Source records

'''

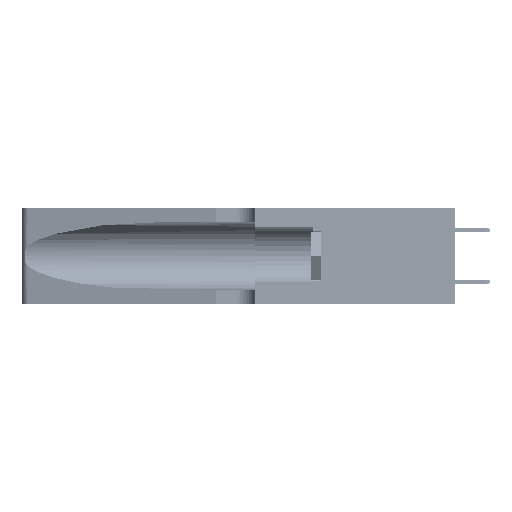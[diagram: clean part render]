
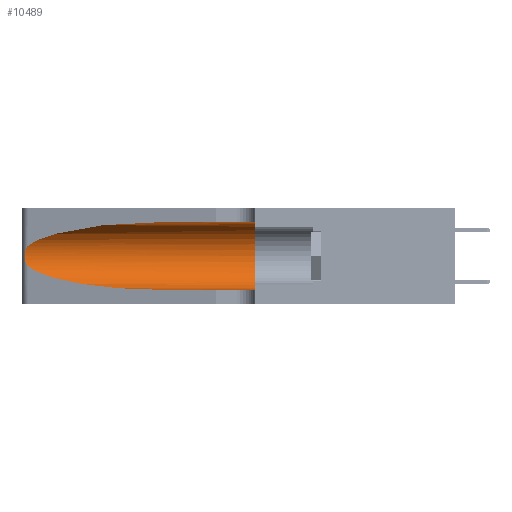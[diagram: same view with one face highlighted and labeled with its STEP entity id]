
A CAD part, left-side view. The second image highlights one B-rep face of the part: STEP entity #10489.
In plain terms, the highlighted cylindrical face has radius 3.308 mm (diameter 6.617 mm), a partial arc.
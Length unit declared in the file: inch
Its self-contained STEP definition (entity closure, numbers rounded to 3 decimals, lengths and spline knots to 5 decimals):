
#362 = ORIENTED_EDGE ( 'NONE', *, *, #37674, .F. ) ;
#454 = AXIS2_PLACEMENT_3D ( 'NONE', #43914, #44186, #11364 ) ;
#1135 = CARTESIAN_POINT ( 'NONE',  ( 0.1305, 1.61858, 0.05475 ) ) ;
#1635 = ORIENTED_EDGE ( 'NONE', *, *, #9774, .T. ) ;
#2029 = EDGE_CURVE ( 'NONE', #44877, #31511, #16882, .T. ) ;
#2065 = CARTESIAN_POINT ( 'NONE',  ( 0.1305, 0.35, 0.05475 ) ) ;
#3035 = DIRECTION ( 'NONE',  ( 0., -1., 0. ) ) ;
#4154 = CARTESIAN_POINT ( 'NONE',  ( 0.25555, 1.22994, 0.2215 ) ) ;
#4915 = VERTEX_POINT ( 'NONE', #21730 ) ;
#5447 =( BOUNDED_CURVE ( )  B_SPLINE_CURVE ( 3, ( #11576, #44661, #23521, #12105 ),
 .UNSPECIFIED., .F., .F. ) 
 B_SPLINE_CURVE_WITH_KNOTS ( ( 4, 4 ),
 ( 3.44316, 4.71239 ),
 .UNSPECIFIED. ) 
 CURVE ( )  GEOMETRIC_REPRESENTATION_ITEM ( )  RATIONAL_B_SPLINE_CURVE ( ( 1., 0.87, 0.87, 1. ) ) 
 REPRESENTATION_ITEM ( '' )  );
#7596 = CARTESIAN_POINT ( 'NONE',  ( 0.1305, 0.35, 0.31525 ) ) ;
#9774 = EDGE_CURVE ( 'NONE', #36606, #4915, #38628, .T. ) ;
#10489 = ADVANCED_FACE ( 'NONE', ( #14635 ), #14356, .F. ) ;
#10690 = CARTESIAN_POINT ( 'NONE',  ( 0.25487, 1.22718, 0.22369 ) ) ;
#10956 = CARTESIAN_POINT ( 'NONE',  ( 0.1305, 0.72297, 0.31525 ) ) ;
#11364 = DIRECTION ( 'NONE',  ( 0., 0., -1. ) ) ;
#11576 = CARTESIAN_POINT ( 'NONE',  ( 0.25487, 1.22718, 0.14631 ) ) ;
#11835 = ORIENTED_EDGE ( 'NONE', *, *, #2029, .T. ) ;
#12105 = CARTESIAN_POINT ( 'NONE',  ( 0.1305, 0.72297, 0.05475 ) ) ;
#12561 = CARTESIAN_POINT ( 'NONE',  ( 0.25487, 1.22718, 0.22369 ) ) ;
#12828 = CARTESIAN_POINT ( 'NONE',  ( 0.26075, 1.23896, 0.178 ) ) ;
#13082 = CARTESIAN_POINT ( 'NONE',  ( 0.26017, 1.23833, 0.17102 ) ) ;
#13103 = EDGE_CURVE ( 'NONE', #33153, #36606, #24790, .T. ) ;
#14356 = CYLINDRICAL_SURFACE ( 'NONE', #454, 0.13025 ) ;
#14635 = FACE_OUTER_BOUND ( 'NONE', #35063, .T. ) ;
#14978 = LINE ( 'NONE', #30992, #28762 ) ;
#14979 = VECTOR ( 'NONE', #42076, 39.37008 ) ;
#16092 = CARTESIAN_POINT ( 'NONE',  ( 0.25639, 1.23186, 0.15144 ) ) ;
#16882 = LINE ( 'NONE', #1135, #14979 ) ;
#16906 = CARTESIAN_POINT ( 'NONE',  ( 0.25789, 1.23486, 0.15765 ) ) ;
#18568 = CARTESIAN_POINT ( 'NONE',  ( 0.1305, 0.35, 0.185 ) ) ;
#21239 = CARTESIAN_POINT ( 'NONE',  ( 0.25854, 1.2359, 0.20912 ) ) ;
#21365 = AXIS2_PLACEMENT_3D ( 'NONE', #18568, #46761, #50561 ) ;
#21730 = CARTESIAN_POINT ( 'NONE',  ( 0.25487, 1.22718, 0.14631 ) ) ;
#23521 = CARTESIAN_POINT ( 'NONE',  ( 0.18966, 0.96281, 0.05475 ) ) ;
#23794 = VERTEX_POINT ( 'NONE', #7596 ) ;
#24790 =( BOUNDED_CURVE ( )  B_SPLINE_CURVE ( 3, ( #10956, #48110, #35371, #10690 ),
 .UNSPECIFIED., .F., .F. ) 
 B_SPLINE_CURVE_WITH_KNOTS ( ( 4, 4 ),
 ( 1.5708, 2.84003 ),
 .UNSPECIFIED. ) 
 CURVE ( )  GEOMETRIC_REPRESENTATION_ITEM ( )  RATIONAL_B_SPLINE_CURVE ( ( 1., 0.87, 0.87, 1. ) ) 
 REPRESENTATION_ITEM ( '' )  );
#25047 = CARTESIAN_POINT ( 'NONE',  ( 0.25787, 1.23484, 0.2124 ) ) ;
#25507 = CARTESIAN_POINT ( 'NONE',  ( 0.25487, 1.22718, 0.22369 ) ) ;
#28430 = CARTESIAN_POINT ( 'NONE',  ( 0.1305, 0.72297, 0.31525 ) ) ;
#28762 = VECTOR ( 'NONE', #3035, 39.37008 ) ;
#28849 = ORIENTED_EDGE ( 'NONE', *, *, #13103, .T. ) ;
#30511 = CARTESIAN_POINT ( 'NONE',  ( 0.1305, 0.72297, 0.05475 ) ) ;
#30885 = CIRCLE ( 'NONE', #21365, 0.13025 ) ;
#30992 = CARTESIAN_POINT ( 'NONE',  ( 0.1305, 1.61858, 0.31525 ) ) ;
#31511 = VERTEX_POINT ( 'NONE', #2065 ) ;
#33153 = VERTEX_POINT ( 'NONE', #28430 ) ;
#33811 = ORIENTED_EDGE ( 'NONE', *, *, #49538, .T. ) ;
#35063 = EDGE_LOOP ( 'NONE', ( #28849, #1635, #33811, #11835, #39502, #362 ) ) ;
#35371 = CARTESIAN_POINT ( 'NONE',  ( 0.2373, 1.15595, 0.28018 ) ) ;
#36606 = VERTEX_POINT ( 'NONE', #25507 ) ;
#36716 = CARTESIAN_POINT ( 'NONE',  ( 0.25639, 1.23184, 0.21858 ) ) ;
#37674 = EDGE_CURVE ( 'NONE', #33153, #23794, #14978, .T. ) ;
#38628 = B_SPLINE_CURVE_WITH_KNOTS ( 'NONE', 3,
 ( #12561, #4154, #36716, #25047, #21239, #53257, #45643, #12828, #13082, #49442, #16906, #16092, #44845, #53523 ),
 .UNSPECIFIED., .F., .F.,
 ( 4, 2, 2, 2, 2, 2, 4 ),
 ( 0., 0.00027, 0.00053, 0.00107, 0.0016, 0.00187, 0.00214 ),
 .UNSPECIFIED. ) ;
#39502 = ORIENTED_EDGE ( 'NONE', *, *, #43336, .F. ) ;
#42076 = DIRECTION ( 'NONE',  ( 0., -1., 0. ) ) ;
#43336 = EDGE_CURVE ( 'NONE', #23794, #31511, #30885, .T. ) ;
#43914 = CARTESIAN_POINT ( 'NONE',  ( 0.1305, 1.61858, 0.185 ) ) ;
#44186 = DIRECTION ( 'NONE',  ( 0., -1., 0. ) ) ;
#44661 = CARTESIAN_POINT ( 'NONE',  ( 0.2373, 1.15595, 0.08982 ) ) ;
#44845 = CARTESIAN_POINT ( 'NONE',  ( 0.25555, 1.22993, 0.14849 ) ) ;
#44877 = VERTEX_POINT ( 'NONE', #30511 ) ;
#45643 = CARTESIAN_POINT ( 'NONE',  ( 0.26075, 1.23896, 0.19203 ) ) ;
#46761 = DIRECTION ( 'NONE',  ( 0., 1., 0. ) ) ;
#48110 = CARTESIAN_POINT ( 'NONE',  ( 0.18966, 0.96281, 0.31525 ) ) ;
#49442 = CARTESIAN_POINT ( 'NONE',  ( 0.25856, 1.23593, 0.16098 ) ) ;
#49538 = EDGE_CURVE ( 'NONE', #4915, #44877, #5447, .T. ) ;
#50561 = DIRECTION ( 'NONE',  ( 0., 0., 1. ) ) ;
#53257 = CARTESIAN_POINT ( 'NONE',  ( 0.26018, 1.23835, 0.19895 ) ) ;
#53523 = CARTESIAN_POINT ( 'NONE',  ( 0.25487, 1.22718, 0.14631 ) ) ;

'''

Work request: Filter the entries above down to the lines that hold the word "VECTOR", and copy those lines.

Task answer:
#14979 = VECTOR ( 'NONE', #42076, 39.37008 ) ;
#28762 = VECTOR ( 'NONE', #3035, 39.37008 ) ;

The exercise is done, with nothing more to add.